When tasked with improving the ability to analyze data, you want a powerful solution that is fast and cost efficient. Let’s discuss the SQream DB difference. Founded in 2010, SQream is an award-winning startup with a presence worldwide.
Data stores are growing exponentially. As data is held for longer periods, complexity increases. Customers are looking for more and new insights, of high quality.
SQream DB has leveraged the power of petabyte-scale big data analytics, offering the most cost effective SQL database on the market.
Customers are telling SQream that they want to be a data driven organisation, but their issue is that they are only analysing a fraction of their massive data due to a few reasons. It could be that their systems were not designed to handle that much data, or the time to prepare and model the data is growing, as are the costs to upgrade their data warehouse.
With traditional SQL solutions, the more data you have, the lower percentage can be analysed. Valuable insights go undiscovered and this affects decision makers directly. That is why SQream DB provides unmatched savings in storage cost and runs on much less hardware than other data warehouse solutions.
SQream condenses the power of the full-rack a standard 2U server, but offering the power of GPU-acceleration.

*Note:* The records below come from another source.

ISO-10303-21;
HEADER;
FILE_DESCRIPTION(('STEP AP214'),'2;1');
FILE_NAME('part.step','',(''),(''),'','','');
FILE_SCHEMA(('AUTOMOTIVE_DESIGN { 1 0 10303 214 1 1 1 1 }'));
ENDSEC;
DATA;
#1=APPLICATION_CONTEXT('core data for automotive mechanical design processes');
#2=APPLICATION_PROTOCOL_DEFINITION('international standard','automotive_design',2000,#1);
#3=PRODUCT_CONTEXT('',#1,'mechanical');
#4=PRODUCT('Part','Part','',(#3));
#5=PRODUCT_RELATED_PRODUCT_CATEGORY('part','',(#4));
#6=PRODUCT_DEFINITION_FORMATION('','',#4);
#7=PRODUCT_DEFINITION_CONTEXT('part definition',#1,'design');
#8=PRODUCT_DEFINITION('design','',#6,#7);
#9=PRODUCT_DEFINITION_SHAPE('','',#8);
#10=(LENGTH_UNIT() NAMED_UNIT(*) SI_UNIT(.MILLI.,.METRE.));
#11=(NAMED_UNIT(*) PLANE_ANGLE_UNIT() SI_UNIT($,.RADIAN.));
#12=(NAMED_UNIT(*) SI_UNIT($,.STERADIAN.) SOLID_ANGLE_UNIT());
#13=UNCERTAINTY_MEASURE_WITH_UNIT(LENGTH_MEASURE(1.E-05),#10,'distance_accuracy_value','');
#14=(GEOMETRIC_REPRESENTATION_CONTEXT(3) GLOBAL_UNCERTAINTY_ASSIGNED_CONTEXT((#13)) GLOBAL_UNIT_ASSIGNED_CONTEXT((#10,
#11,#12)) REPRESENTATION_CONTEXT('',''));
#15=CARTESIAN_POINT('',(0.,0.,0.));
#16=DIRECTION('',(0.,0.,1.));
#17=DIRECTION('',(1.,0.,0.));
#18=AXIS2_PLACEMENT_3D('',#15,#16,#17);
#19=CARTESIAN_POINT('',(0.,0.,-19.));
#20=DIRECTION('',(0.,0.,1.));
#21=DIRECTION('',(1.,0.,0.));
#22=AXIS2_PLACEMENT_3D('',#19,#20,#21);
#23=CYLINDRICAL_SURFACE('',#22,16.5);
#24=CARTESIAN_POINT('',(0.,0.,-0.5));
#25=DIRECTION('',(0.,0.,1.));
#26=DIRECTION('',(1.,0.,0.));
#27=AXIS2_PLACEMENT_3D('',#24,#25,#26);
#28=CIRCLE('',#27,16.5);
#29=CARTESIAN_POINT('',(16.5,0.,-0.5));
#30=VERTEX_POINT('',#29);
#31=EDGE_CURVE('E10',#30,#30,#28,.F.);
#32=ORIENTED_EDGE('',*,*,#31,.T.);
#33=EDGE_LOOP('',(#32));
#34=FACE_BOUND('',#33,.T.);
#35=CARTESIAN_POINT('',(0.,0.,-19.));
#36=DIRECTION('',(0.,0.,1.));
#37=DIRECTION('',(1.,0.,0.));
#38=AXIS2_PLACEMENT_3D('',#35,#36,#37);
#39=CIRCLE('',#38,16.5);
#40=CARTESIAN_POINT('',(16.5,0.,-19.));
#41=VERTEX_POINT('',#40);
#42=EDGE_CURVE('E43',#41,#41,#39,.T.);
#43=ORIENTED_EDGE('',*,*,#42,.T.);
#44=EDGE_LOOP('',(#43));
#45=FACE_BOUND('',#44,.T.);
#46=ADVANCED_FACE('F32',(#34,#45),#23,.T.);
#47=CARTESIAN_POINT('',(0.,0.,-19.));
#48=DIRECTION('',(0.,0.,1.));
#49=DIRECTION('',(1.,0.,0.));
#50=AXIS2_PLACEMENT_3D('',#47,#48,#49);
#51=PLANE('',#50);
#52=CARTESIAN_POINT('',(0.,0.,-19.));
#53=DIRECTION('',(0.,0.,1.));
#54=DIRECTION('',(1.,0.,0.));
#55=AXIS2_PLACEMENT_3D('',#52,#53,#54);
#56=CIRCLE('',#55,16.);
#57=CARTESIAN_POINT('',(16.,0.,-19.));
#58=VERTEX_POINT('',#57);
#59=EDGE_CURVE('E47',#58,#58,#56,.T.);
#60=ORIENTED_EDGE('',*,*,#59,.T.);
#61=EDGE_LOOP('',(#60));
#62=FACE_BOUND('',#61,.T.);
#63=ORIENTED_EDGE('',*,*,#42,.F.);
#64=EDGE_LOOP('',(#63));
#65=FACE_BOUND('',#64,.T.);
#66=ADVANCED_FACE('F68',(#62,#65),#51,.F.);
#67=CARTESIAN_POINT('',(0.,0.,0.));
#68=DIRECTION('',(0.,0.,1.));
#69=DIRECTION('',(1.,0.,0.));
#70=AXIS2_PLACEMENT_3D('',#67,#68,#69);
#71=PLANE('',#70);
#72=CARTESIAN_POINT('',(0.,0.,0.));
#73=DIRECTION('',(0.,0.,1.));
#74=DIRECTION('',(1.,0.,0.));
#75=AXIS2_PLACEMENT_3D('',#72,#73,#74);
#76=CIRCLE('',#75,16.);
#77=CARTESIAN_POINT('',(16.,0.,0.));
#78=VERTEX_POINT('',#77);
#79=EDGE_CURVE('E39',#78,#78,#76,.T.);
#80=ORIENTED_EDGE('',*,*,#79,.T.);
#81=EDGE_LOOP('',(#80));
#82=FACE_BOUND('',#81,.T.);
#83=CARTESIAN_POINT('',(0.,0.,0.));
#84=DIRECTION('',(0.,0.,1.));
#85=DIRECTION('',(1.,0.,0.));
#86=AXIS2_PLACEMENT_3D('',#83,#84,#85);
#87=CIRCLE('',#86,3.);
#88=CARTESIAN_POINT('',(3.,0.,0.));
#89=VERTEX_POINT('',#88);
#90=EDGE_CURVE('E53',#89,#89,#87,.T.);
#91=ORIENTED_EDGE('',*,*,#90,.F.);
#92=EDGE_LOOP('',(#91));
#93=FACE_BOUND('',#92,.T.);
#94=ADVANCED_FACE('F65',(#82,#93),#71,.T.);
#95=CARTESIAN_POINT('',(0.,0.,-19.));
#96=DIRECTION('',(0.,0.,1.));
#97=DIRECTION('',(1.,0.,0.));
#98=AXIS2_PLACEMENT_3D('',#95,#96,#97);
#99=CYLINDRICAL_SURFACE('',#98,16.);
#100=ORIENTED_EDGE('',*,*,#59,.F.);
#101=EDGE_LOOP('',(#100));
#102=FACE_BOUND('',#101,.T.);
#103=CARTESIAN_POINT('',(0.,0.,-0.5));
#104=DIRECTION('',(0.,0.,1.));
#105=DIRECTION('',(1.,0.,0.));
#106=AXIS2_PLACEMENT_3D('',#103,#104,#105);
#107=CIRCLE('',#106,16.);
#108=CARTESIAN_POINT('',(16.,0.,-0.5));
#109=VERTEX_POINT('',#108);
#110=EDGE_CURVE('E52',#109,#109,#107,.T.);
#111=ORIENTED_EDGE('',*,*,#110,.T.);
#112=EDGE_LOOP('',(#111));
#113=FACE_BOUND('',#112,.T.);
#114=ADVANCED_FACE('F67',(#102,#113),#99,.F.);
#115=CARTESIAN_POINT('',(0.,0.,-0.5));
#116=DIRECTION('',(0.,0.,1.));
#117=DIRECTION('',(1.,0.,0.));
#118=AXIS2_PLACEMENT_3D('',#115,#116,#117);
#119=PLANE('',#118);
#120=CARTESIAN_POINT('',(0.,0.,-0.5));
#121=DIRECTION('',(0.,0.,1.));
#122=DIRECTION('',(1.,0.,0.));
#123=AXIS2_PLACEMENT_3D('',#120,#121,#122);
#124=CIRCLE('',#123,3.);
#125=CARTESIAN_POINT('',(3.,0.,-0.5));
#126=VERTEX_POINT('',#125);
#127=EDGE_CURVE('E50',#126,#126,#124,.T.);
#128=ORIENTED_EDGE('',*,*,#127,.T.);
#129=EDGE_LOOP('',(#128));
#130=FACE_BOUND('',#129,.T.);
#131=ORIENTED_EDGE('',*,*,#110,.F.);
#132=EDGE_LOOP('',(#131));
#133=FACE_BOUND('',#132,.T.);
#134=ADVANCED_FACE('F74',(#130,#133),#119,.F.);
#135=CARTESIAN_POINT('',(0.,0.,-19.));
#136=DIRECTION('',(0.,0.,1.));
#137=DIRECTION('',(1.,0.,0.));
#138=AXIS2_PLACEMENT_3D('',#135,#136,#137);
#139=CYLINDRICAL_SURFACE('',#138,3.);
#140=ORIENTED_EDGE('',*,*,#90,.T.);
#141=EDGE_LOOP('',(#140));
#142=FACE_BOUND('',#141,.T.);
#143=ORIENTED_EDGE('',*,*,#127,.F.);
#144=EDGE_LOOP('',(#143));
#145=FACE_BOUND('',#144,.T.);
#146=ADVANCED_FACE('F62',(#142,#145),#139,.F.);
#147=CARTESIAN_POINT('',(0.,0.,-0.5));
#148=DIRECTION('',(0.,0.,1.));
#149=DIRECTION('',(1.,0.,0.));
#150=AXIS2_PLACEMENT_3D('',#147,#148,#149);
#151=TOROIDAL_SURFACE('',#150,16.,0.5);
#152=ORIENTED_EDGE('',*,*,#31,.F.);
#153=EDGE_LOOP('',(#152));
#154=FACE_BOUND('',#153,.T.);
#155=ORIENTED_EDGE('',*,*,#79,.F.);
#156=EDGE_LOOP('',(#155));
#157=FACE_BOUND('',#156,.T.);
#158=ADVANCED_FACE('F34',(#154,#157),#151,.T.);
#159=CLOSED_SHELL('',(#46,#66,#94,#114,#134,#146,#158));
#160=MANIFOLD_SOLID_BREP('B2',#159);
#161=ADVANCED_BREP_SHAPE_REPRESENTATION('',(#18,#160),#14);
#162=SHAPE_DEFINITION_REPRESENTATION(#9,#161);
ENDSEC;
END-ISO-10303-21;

The reason for this pivot, is the continued advancements in GPU efficiency in chip design and production in recent time.
The challenge with appliances is that they are expensive to begin with, are very costly to scale and are inflexible as they link compute and storage together.
While Hadoop is a great file system, it is not designed to solve Big Data analytics and is a hard to maintain environment.
You want to achieve previously unobtainable business and operational insights? This is what SQream DB was built from the ground up to offer, by eliminating big data processing size, speed and cost limits. By focusing on business insights and not infrastructure, you get the best answers.
By eliminating complex data pipelines, it addresses the poor scaling of traditional soultions.
See here, a client that had traditional big data systems in place which producted Tibco Spotfire reports. In the past, this process took one hour. With SQream DB, only 46 seconds! Imagine the possibilities.
Compact size with huge power and cost effectiveness
By decoupling storage and compute with GPUs, it is very easy to add more power, as a 1U server can have 20,000 cores!
It’s hard to believe, but that 1U server with Nvidia GPUs can replace ~100 terabytes of 42U legacy data warehouse racks!